Vitamin D and its analogues regulate gene expression by binding to specific vitamin D receptors (VDRs) of the nuclear receptor superfamily, which are ligand-modulated transcription factors (for review see McDonald et al., 2001). Upon ligand activation, VDR binds specific nucleotide sequences (vitamin D response elements, VDREs) in target genes to activate or repress their expression through multiple but ill-defined interactions with coactivator complexes and components of the basal transcription machinery (for review see McDonald et al., 2001). Several vitamin D target genes have been characterized in several tumor cell types such as c-myc, p21Waf, p27Kip1, tenascin-C, fibronectin, laminin and its receptor, apolipoprotein D, insulin-like growth factor binding protein 3, cyclin C, and several members of the transforming growth factor family and their receptors (Freedman, 1999).
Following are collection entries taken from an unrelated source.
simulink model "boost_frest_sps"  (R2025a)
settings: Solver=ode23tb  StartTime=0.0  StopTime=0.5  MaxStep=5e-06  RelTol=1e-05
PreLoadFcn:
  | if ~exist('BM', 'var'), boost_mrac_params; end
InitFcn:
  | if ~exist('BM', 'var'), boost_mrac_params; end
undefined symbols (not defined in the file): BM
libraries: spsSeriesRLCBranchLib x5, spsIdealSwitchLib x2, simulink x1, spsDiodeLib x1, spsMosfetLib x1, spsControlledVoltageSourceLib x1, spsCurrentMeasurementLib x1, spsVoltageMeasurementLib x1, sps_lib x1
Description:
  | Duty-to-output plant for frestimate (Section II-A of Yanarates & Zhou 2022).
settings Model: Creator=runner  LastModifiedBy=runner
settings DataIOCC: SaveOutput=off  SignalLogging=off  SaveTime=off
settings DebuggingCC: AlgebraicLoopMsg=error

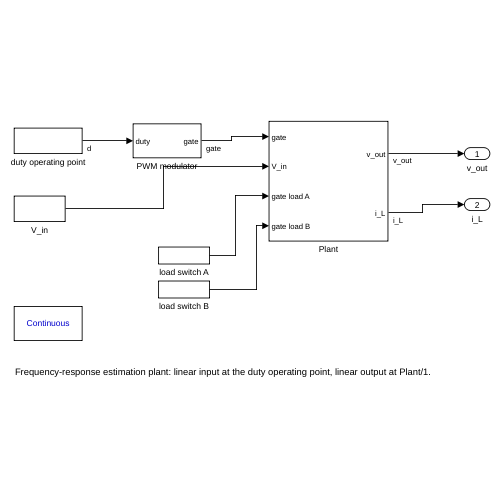
[thumbnail: Simulink's stored preview of the top-level diagram]
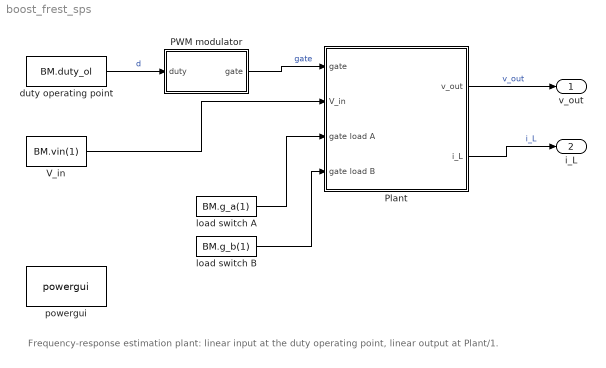
== system boost_frest_sps ==
  note: Frequency-response estimation plant: linear input at the duty operating point, linear output at Plant/1.
  PWM modulator : Subsystem
  Plant : Subsystem
  V_in : Constant  Value=BM.vin(1)
  duty operating point : Constant  Value=BM.duty_ol
  load switch A : Constant  Value=BM.g_a(1)
  load switch B : Constant  Value=BM.g_b(1)
  powergui : sps_lib/powergui  Priority=1  SimulationMode=Continuous  SampleTime=50e-6  frequency=60  Iterations=50  frequencyindice=0  Pbase=100e6  ErrMax=1e-4  UnitsV=kV  UnitsW=MW  buscounter=0  FunctionMessages=off  echomessages=off  EnableUseOfTLC=off  CurrentSourceSwitches=off  DisableSnubberDevices=off  DisableRonSwitches=off  DisableVfSwitches=off  DisplayEquations=off  AutomaticDiscreteSolvers=off  SolverType=Tustin/Backward Euler (TBE)  Interpol=off  ExternalGateDelay=off  methode=off  Ts=100  x0status=blocks  SPID=on  SwTol=0  HookPort=off  NonlinearTolerance=1e-4  nMaxIteration=100  ContinueOnMaxIteration=off  RestoreLinks=warning  ResistiveCurrentMeasurement=off  Frange=[0:2:500]  Ylog=off  Xlog=on  ShowGrid=off  save=off  variable=ZData  structure=0  ZoomFFT=off  StartTime=0.0  cycles=1  DisplayStyle=1  fundamental=60  FreqAxis=off  MaxFrequency=1000  frequencyindicesteady=1  RmsSteady=1  display=off
  v_out : Outport
  i_L : Outport  Port=2
  wires:
  duty operating point/1 -> PWM modulator/1(duty)  "d"
  load switch A/1 -> Plant/3(gate load A)
  load switch B/1 -> Plant/4(gate load B)
  PWM modulator/1(gate) -> Plant/1(gate)  "gate"
  V_in/1 -> Plant/2(V_in)
  Plant/1(v_out) -> v_out/1  "v_out"
  Plant/2(i_L) -> i_L/1  "i_L"

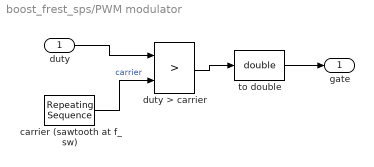
== system boost_frest_sps/PWM modulator ==
  duty : Inport
  carrier (sawtooth at f_sw) : simulink/Sources/Repeating Sequence  rep_seq_t=[0 BM.Tsw]  rep_seq_y=[0 1]
  duty > carrier : RelationalOperator  Operator=>  OutDataTypeStr=boolean  RndMeth=Simplest  InputSameDT=off
  to double : DataTypeConversion  OutDataTypeStr=double  SaturateOnIntegerOverflow=off  RndMeth=Floor
  gate : Outport
  wires:
  duty/1 -> duty > carrier/1
  carrier (sawtooth at f_sw)/1 -> duty > carrier/2  "carrier"
  duty > carrier/1 -> to double/1
  to double/1 -> gate/1

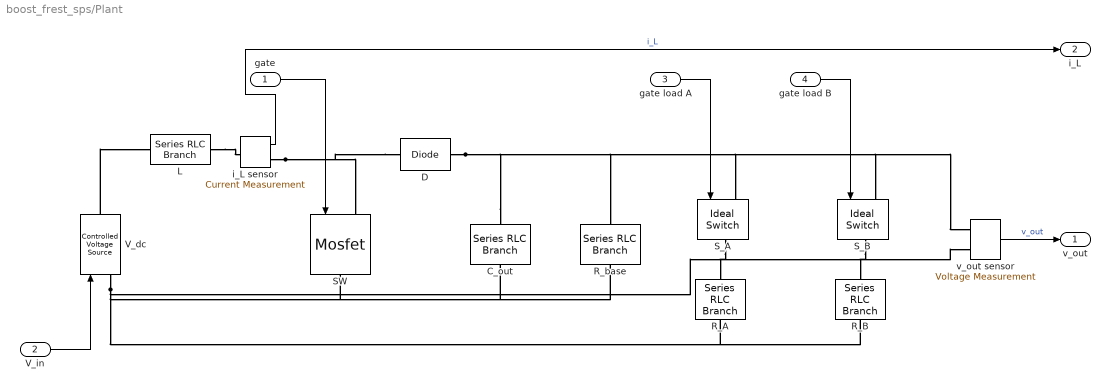
== system boost_frest_sps/Plant ==
  gate : Inport
  V_in : Inport  Port=2
  gate load A : Inport  Port=3
  gate load B : Inport  Port=4
  C_out : spsSeriesRLCBranchLib/Series RLC Branch  LConnTagsString=__new0  RConnTagsString=__new0  BranchType=C  Resistance=1  Inductance=1e-3  SetiL0=off  InitialCurrent=0  Capacitance=BM.C  Setx0=on  InitialVoltage=BM.v0  Measurements=None
  D : spsDiodeLib/Diode  Ron=BM.Ron_d  Lon=0  Vf=BM.Vf_d  IC=0  UseSnubber=0  Rs=inf  Cs=0  Measurements=off
  L : spsSeriesRLCBranchLib/Series RLC Branch  LConnTagsString=__new0  RConnTagsString=__new0  BranchType=L  Resistance=1  Inductance=BM.L  SetiL0=on  InitialCurrent=BM.iL0  Capacitance=1e-6  Setx0=off  InitialVoltage=0  Measurements=None
  R_A : spsSeriesRLCBranchLib/Series RLC Branch  LConnTagsString=__new0  RConnTagsString=__new0  BranchType=R  Resistance=BM.R_a  Inductance=1e-3  SetiL0=off  InitialCurrent=0  Capacitance=1e-6  Setx0=off  InitialVoltage=0  Measurements=None
  R_B : spsSeriesRLCBranchLib/Series RLC Branch  LConnTagsString=__new0  RConnTagsString=__new0  BranchType=R  Resistance=BM.R_b  Inductance=1e-3  SetiL0=off  InitialCurrent=0  Capacitance=1e-6  Setx0=off  InitialVoltage=0  Measurements=None
  R_base : spsSeriesRLCBranchLib/Series RLC Branch  LConnTagsString=__new0  RConnTagsString=__new0  BranchType=R  Resistance=BM.R_base  Inductance=1e-3  SetiL0=off  InitialCurrent=0  Capacitance=1e-6  Setx0=off  InitialVoltage=0  Measurements=None
  SW : spsMosfetLib/Mosfet  Ron=BM.Ron_sw  Lon=0  Rd=0.01  Vfd=0  IC=0  Rs=1e5  Cs=inf  Measurements=off
  S_A : spsIdealSwitchLib/Ideal Switch  Ron=1e-3  Lon=0  IC=0  Rs=1e5  Cs=inf  Measurements=off
  S_B : spsIdealSwitchLib/Ideal Switch  Ron=1e-3  Lon=0  IC=0  Rs=1e5  Cs=inf  Measurements=off
  V_dc : spsControlledVoltageSourceLib/Controlled Voltage Source  Initialize=on  Source_Type=DC  Amplitude=BM.vin(1)  Phase=0  Frequency=0  Measurements=None
  i_L sensor : spsCurrentMeasurementLib/Current Measurement  PhasorSimulation=off  OutputType=Complex  PSBequivalent=0
  v_out sensor : spsVoltageMeasurementLib/Voltage Measurement  PhasorSimulation=off  OutputType=Complex  PSBequivalent=0
  v_out : Outport
  i_L : Outport  Port=2
  wires:
  V_in/1 -> V_dc/1
  gate/1 -> SW/1
  gate load A/1 -> S_A/1
  gate load B/1 -> S_B/1
  i_L sensor/1 -> i_L/1  "i_L"
  v_out sensor/1 -> v_out/1  "v_out"
  connections:
  V_dc/RConn1 -- L/LConn1
  L/RConn1 -- i_L sensor/LConn1
  D/LConn1 -- i_L sensor/RConn1 -- SW/LConn1
  C_out/LConn1 -- D/RConn1 -- R_base/LConn1 -- S_A/LConn1 -- S_B/LConn1 -- v_out sensor/LConn1
  S_A/RConn1 -- R_A/LConn1
  S_B/RConn1 -- R_B/LConn1
  SW/RConn1 -- V_dc/LConn1 -- C_out/RConn1 -- R_base/RConn1 -- R_A/RConn1 -- R_B/RConn1 -- v_out sensor/LConn2
simulink subsystem "Shooter_Controls_sub"  (R2023b)
settings: Solver=VariableStepAuto  StartTime=0.0  StopTime=10.0  RelTol=1e-3
undefined symbols (not defined in the file): Feeder_Max_Pulsetime, Field_BlueAllianceZoneX, Field_RedAllianceZoneX, Rebuilt_Feeder_Motor_Gain_FF, Rebuilt_Feeder_Time_FWD, Rebuilt_Feeder_Time_REV, Rebuilt_Hood_Servo_Pos_Min, Rebuilt_Match_Time_Auto_Timer, Rebuilt_Match_Time_End_Game_Timer, Rebuilt_Match_Time_Shift_1, Rebuilt_Match_Time_Shift_2, Rebuilt_Match_Time_Shift_3, Rebuilt_Match_Time_Shift_4, Rebuilt_Match_Time_Shift_Timer, Rebuilt_Match_Time_Shoot_Early, Rebuilt_Match_Time_Transition, Rebuilt_Negative_Feeder_Speed, Rebuilt_Shoot_Hood_Pos_Max_Error, Rebuilt_Shoot_Motor_Max_Error, Rebuilt_Shoot_Robot_Velocity_Max, Rebuilt_Shooter_Error_Integral_Enable, Rebuilt_Shooter_Motor_Gain_FF, Rebuilt_Shooter_Motor_Gain_I, Rebuilt_Shooter_Motor_Gain_I_Low, Rebuilt_Shooter_Motor_Gain_P, Rebuilt_Target_Feeder_Speed, Rebuilt_Target_Transfer_Speed, Rebuilt_Transfer_Error_Integral_Enable, Rebuilt_Transfer_Minimum_Factor, t_sample
libraries: simulink x20, Controls_Components_lib x2
(part 2 of 2)

== system Shooter_Controls_sub/Ready_to_Shoot/Check if allowed to score in alliance zone/Blue ==
  isBlueHubActive : Inport
  Robot_Position_X : Inport  Port=2
  Action Port : ActionPort
  AND : Logic  AllPortsSameDT=off  OutDataTypeStr=boolean
  BlueAllianceZoneX : Constant  Value=Field_BlueAllianceZoneX
  Less Than : RelationalOperator  Operator=<  OutDataTypeStr=boolean  RndMeth=Simplest  InputSameDT=off
  CanShootBlue : Outport
  wires:
  AND/1 -> CanShootBlue/1  "CanShootBlue"
  isBlueHubActive/1 -> AND/1
  Less Than/1 -> AND/2
  BlueAllianceZoneX/1 -> Less Than/2
  Robot_Position_X/1 -> Less Than/1

== system Shooter_Controls_sub/Ready_to_Shoot/Check if allowed to score in alliance zone/Red ==
  isRedHubActive : Inport
  Robot_Position_X : Inport  Port=2
  Action Port : ActionPort
  AND : Logic  AllPortsSameDT=off  OutDataTypeStr=boolean
  GreaterThan : RelationalOperator  Operator=>  OutDataTypeStr=boolean  RndMeth=Simplest  InputSameDT=off
  RedAllianceZoneX : Constant  Value=Field_RedAllianceZoneX
  CanShootRed : Outport
  wires:
  isRedHubActive/1 -> AND/1
  GreaterThan/1 -> AND/2
  AND/1 -> CanShootRed/1  "CanShootRed"
  RedAllianceZoneX/1 -> GreaterThan/2
  Robot_Position_X/1 -> GreaterThan/1

== system Shooter_Controls_sub/Ready_to_Shoot/Check if outside alliance zone/Blue ==
  Robot_Position_X1 : Inport
  Action Port : ActionPort
  BlueAllianceZoneX : Constant  Value=Field_BlueAllianceZoneX
  GreaterThan : RelationalOperator  Operator=>  OutDataTypeStr=boolean  RndMeth=Simplest  InputSameDT=off
  Can_Pass_Blue : Outport
  wires:
  GreaterThan/1 -> Can_Pass_Blue/1  "Can_Pass_Blue"
  Robot_Position_X1/1 -> GreaterThan/1
  BlueAllianceZoneX/1 -> GreaterThan/2

== system Shooter_Controls_sub/Ready_to_Shoot/Check if outside alliance zone/Red ==
  Robot_Position_X : Inport
  Action Port : ActionPort
  GreaterThan : RelationalOperator  Operator=<  OutDataTypeStr=boolean  RndMeth=Simplest  InputSameDT=off
  RedAllianceZoneX : Constant  Value=Field_RedAllianceZoneX
  Can_Pass_Red : Outport
  wires:
  GreaterThan/1 -> Can_Pass_Red/1  "Can_Pass_Red"
  RedAllianceZoneX/1 -> GreaterThan/2
  Robot_Position_X/1 -> GreaterThan/1

== stateflow chart Shooter_Controls_sub/Shooter_Transfer_Feeder Chart ==
  state Not_Shooting
    entry: Shooter_Active = false;
    Desired_Transfer_Speed = 0;
    Desired_Feeder_Speed = 0;
    Transfer_Initializing = 0;
  state Shooting
    entry: Shooter_Active = true;
    state Spinning_Up
      entry: Desired_Transfer_Speed = 0;
      Desired_Feeder_Speed = 0;
      Transfer_Initializing = 1;
    state Transfer
      entry: Desired_Feeder_Speed = Rebuilt_Negative_Feeder_Speed;
      Desired_Transfer_Speed = Rebuilt_Target_Transfer_Speed;
    state Feeder
      entry: Desired_Feeder_Speed = Rebuilt_Target_Feeder_Speed;
      Transfer_Initializing = 0;
      Feeder_Loops_Shooting = 0;
      during:
      Feeder_Loops_Shooting = Feeder_Loops_Shooting + 1;
    (default) -> Spinning_Up
    (junction 16) -> Spinning_Up : [(~Button_Shoot_Enable && ~Button_Unload_Manual) || ...
        | (Feeder_Loops_Shooting * t_sample > Feeder_Max_Pulsetime) || ...
        | (~Ready_to_Score && ~Ready_to_Pass && ~Ready_to_Unload_Manual)]
    (junction 14) -> (junction 16)
    Spinning_Up -> Transfer : [(Button_Shoot_Enable && (Ready_to_Score || Ready_to_Pass)) || ...
        | (Button_Unload_Manual && Ready_to_Unload_Manual)]
    Transfer -> (junction 14) [order 2]
    (junction 15) -> (junction 14)
    Transfer -> Feeder [order 1] : [Measured_Transfer_Speed > ...
        | Desired_Transfer_Speed * Rebuilt_Transfer_Minimum_Factor]
    Feeder -> (junction 15)
  (default) -> Not_Shooting
  Not_Shooting -> Shooting : [Button_Spinup_Enable || ...
      | Button_Shoot_Enable || ...
      | Button_Unload_Manual]
  Shooting -> Not_Shooting : [~Button_Spinup_Enable && ...
      | ~Button_Shoot_Enable && ...
      | ~Button_Unload_Manual]
  data: Rebuilt_Target_Transfer_Speed parameter; Measured_Transfer_Speed input; Rebuilt_Transfer_Minimum_Factor parameter; Ready_to_Score input; Button_Spinup_Enable input; Rebuilt_Target_Feeder_Speed parameter; Button_Shoot_Enable input; Button_Unload_Manual input; Shooter_Active output; Desired_Feeder_Speed output; Desired_Transfer_Speed output; Ready_to_Pass input; Rebuilt_Negative_Feeder_Speed parameter; Transfer_Initializing output; Feeder_Max_Pulsetime parameter; Feeder_Loops_Shooting local; t_sample parameter; Ready_to_Unload_Manual input

== stateflow chart Shooter_Controls_sub/Chart ==
  state if_reverse_or_zero
    entry: Desired_Feeder_Speed_Out = Desired_Feeder_Speed_In
    during: Desired_Feeder_Speed_Out = Desired_Feeder_Speed_In
  state if_forward
    state Forwards
      entry: Desired_Feeder_Speed_Out = Rebuilt_Target_Feeder_Speed;
    state Backwards
      entry: Desired_Feeder_Speed_Out = Rebuilt_Negative_Feeder_Speed;
    (default) -> Forwards
    Backwards -> Forwards : after(Rebuilt_Feeder_Time_REV, sec)
    Forwards -> Backwards : after(Rebuilt_Feeder_Time_FWD, sec)
  (default) -> if_reverse_or_zero
  if_reverse_or_zero -> if_forward : [(Desired_Feeder_Speed_In == Rebuilt_Target_Feeder_Speed) && Gamepad_Start]
  if_forward -> if_reverse_or_zero : [(Desired_Feeder_Speed_In == 0) || ~Gamepad_Start]
  data: Desired_Feeder_Speed_In input; Desired_Feeder_Speed_Out output; Rebuilt_Negative_Feeder_Speed parameter double; Rebuilt_Target_Feeder_Speed parameter double; Rebuilt_Feeder_Time_REV parameter; Rebuilt_Feeder_Time_FWD parameter; Gamepad_Start input boolean

Two studies have reported the regulation of epidermal growth factor receptor expression (Tong et al., 1998) or the cross-talk between vitamin D and tumor growth factor ß signaling pathways (Yanagisawa et al., 1999), although the physiological relevance of these mechanisms remains unclear.
VDR is expressed in the normal colonic mucosa, slightly increases in the hyperplasic condition, and is clearly lower in late stages of carcinogenesis (Vandewalle et al., 1994). Accordingly, high VDR expression is associated with favorable prognosis in colorectal cancer patients, suggesting that these receptors are involved in this pathogenesis and their potential role as a predictive marker (Shabahang et al., 1993; Evans et al., 1998). Several clinical trials are underway to assess the activity of several vitamin D derivatives in patients with colorectal carcinoma and other neoplasias (Gross et al., 1998; Gulliford et al., 1998; Smith et al., 1999). However, their molecular and cellular mechanisms of action in colon carcinoma cells remain mostly unknown.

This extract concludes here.